STEP 6—sew on velcro Center the front piece about 3/8” down from the top of the diaper (touchtape is a little stiff, and leaving this space prevents it from poking the baby’s belly.) I prefer to sew it on with a zigzag stitch— one edge of the zigzag should be barely off the velcro. Some people prefer the look of a straight stitch—a straight stitch must be at least 1/8” in from the edge of the velcro, which leaves the edge free to catch or poke—thus I use a zigzag. Length (front piece) S—7 ½” M—9” L—11” You can use a little shorter, but I like the adjustability of using the longer piece. (here you can see the closure stitching too)
Sew on the tabs with the hook (sticky) side on the end, and the loop (soft) side toward the middle. I like to use tabs about 1 ½” wide, but many people use narrower tabs too. I would not go smaller than about ¾” wide. Be sure to keep a small space between them, otherwise the tab will not fold shut very well. Do not try to share the center stitching on both pieces or it will not fold shut at all.

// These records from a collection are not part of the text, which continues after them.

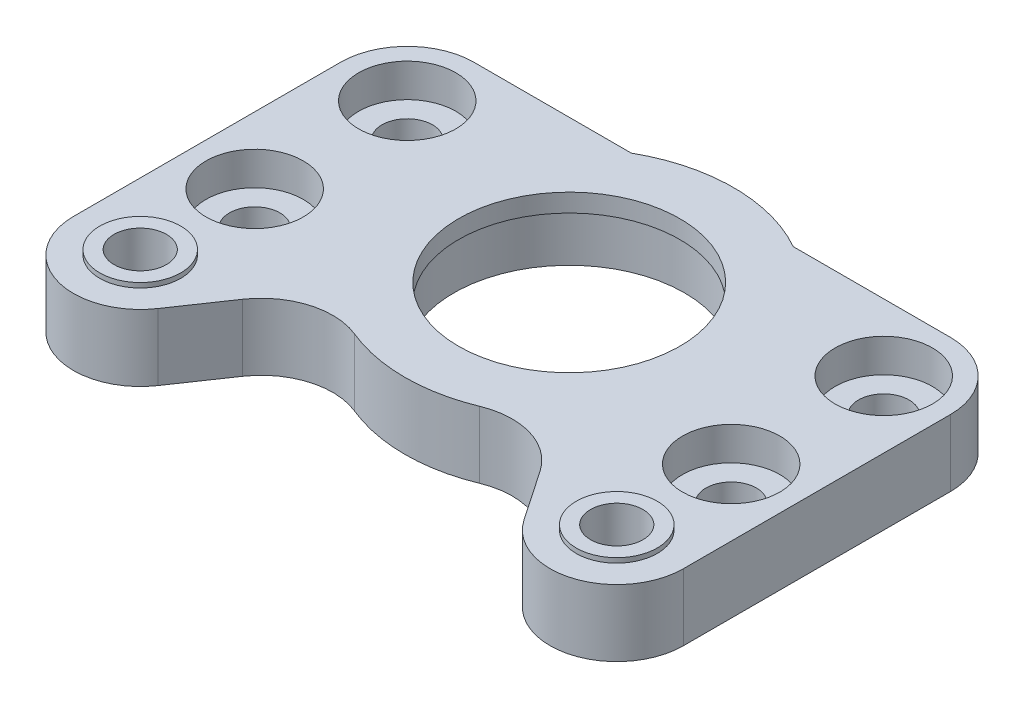
SolidWorks part; units mm, degrees
ref_plane "前视基准面" through (0, 0, 0) normal (0, 0, 1) x (1, 0, 0)
ref_plane "上视基准面" through (0, 0, 0) normal (0, 1, 0) x (1, 0, 0)
ref_plane "右视基准面" through (0, 0, 0) normal (1, 0, 0) x (0, 0, -1)
sketch "草图1" plane through (0, 0, 0) normal (0, 1, 0) x (1, 0, 0)
  line L0 (31.9858, -42) -> (31.9858, 0) construction
  line L1 (7, 0) -> (23.4915, 0)
  line L2 (0, -7) -> (0, -35)
  line L4 (63.9716, -7) -> (63.9716, -35)
  line L5 (40.4802, 0) -> (56.9716, 0)
  line L6 (63.9716, -29.0907) -> (63.9716, -48.7588) construction
  line L7 (50.4643, -37.8804) -> (61.4436, -54.0056) construction
  line L8 (47.5904, -33.6595) -> (51.1855, -38.9396)
  line L9 (16.3812, -33.6595) -> (12.7861, -38.9396)
  line L10 (53.2692, -42) -> (56.9716, -42)
  arc A0 (0, -35) -> (12.7861, -38.9396) centre (7, -35) ccw
  circle A1 centre (7, -35) radius 2.75
  arc A2 (7, 0) -> (0, -7) centre (7, -7) ccw
  circle A3 centre (7, -7) radius 2.65
  circle A4 centre (7, -23) radius 2.65
  circle A5 centre (56.9716, -35) radius 2.75
  arc A6 (63.9716, -35) -> (51.1855, -38.9396) centre (56.9716, -35) cw
  circle A7 centre (56.9716, -23) radius 2.65
  circle A8 centre (56.9716, -7) radius 2.65
  arc A9 (56.9716, 0) -> (63.9716, -7) centre (56.9716, -7) cw
  circle A10 centre (31.9858, -15) radius 12.1
  arc A11 (25.4321, -30.9437) -> (38.5396, -30.9437) centre (31.9858, -15) ccw
  arc A12 (47.5904, -33.6595) -> (38.5396, -30.9437) centre (41.391, -37.8805) ccw
  arc A13 (16.3812, -33.6595) -> (25.4321, -30.9437) centre (22.5807, -37.8805) cw
  arc A14 (40.4802, 0) -> (23.4915, 0) centre (31.9858, -15) ccw
  dimension "D3" = 14
  dimension "D4" = 5.5
  dimension "D5" = 14
  dimension "D6" = 5.3
  dimension "D1" = 24.2
  dimension "D9" = 34.4763
  dimension "D11" = 15
  dimension "D2" = 15
  dimension "D7" = 16
  dimension "D10" = 34.25
extrude "凸台-拉伸1" add sketch "草图1" along normal blind 7 contours L5 A14 L1 A2 L2 A0 L9 A13 A11 A12 L8 A6 L4 A9 A8 A5 A4 A3 A1 A7 A10 region at (15.2457, 0, 0.7778)
sketch "草图2" plane through (0, 0, 0) normal (0, -1, 0) x (1, 0, 0)
  circle A0 centre (31.9858, 15) radius 12.1 construction
  circle A1 centre (31.9858, 15) radius 12.1
  circle A2 centre (31.9858, 15) radius 11.6
  dimension "D1" = 0.5
extrude "凸台-拉伸2" add sketch "草图2" along normal blind 1.9 from surface starting at face at (56.9716, 7, 9.65)
sketch "草图3" plane through (0, 7, 0) normal (0, 1, 0) x (1, 0, 0)
  line L0 (31.9858, -15) -> (31.9858, -9.3775) construction
  circle A0 centre (56.9716, -7) radius 5.1
  circle A1 centre (56.9716, -23) radius 2.65 construction
  circle A2 centre (56.9716, -7) radius 2.65 construction
  circle A3 centre (56.9716, -23) radius 2.65
  circle A4 centre (56.9716, -7) radius 2.65
  circle A5 centre (56.9716, -23) radius 5.1
  circle A6 centre (7, -7) radius 2.65
  circle A7 centre (7, -23) radius 2.65
  circle A8 centre (7, -23) radius 5.1
  circle A9 centre (7, -7) radius 5.1
  dimension "D1" = 10.2
extrude "切除-拉伸1" cut sketch "草图3" against normal blind 3.5 contours A6 | A9 | A8 | A5 | A0
sketch "草图4" plane through (0, 7, 0) normal (0, 1, 0) x (1, 0, 0)
  circle A0 centre (7, -35) radius 4.25
  circle A1 centre (56.9716, -35) radius 4.25
  circle A2 centre (56.9716, -35) radius 2.75 construction
  circle A3 centre (7, -35) radius 2.75 construction
  circle A4 centre (56.9716, -35) radius 2.75
  circle A5 centre (7, -35) radius 2.75
  dimension "D1" = 8.5
extrude "凸台-拉伸3" add sketch "草图4" along normal blind 0.5
ref_axis "基准轴1" through (7, 7.5, 35) along (0, -1, 0)
ref_plane "基准面1" through (0, 0, 35) normal (0, 0, 1) x (1, 0, 0)
sketch "草图5" plane through (0, 0, 35) normal (0, 0, 1) x (1, 0, 0)
  line L0 (7, 0) -> (7, 7.5) construction
  line L1 (12, 0) -> (9.65, 3.5)
  line L2 (9.65, 0) -> (9.65, 3.5) construction
  line L3 (7, 0) -> (12, 0)
  line L4 (7, 0) -> (23.4915, 0) construction
  line L5 (9.65, 3.5) -> (7, 3.5)
  line L6 (7, 3.5) -> (7, 0)
  dimension "D1" = 3.5
  dimension "D2" = 5
revolve "切除-旋转1" cut sketch "草图5" angle 360 about L0
ref_plane "基准面2" through (31.9858, 0, 0) normal (-1, 0, 0) x (0, 0, 1)
mirror "镜向1" about plane through (31.9858, 0, 0) normal (-1, 0, 0) of "切除-旋转1"

You can sew them separately, but if you want to save yourself a step you can try sewing them on at the same time following the pattern shown here: Up the outside, across the top of BOTH pieces, down the inside, across the bottom of the loop, up the center (on the loop), with the needle in, lift the foot and turn the fabric, then down the center (on the hook), across the bottom of the hook, and stitching over your initial line on the outside edge. If you don’t want laundry tabs, then just attach a piece of hook velcro.
ADAPTING THE PATTERN TO FIT DIFFERENT SHAPES OF BABY
Any one of these adaptations will affect the size/fit of the diapers. For the most part, I find that going up/down one size is more effective than making alterations—the only exception is if the rise is too long/short. These diapers have a proportionally long rise compared to several other styles/brands. Skinnier Baby Make a cross-over velcro tab: cut one extra piece of loop, and (after sewing inside tabs) line it up on the PUL side, over the stitching of the hook piece (so on the end of the tab), and sew it in place. Lay out the diaper on a fold, leaving ½” of the pattern hanging over the edge of the fold (in effect removing 1” from the width of the diaper) Wider Baby Use a 1” longer piece of elastic in the back, and/or measure the tabs to 5 or 5 ½” before starting elastic. Shorter Rise Lay out the pattern on a blank piece of paper. Place the front and back at the desired length (leaving a pleat/fold in the middle). Trace the width on the tabs and front portion, redrawing the side curve as needed between them. Longer Rise (you probably won’t need this, because the pattern is already pretty long) Cut the pattern in half across the middle, and lay the pieces on a blank piece of paper at the desired length (with the gap in the middle). Trace the width on the tabs and front portion, redrawing the side curve between them to cover the gap.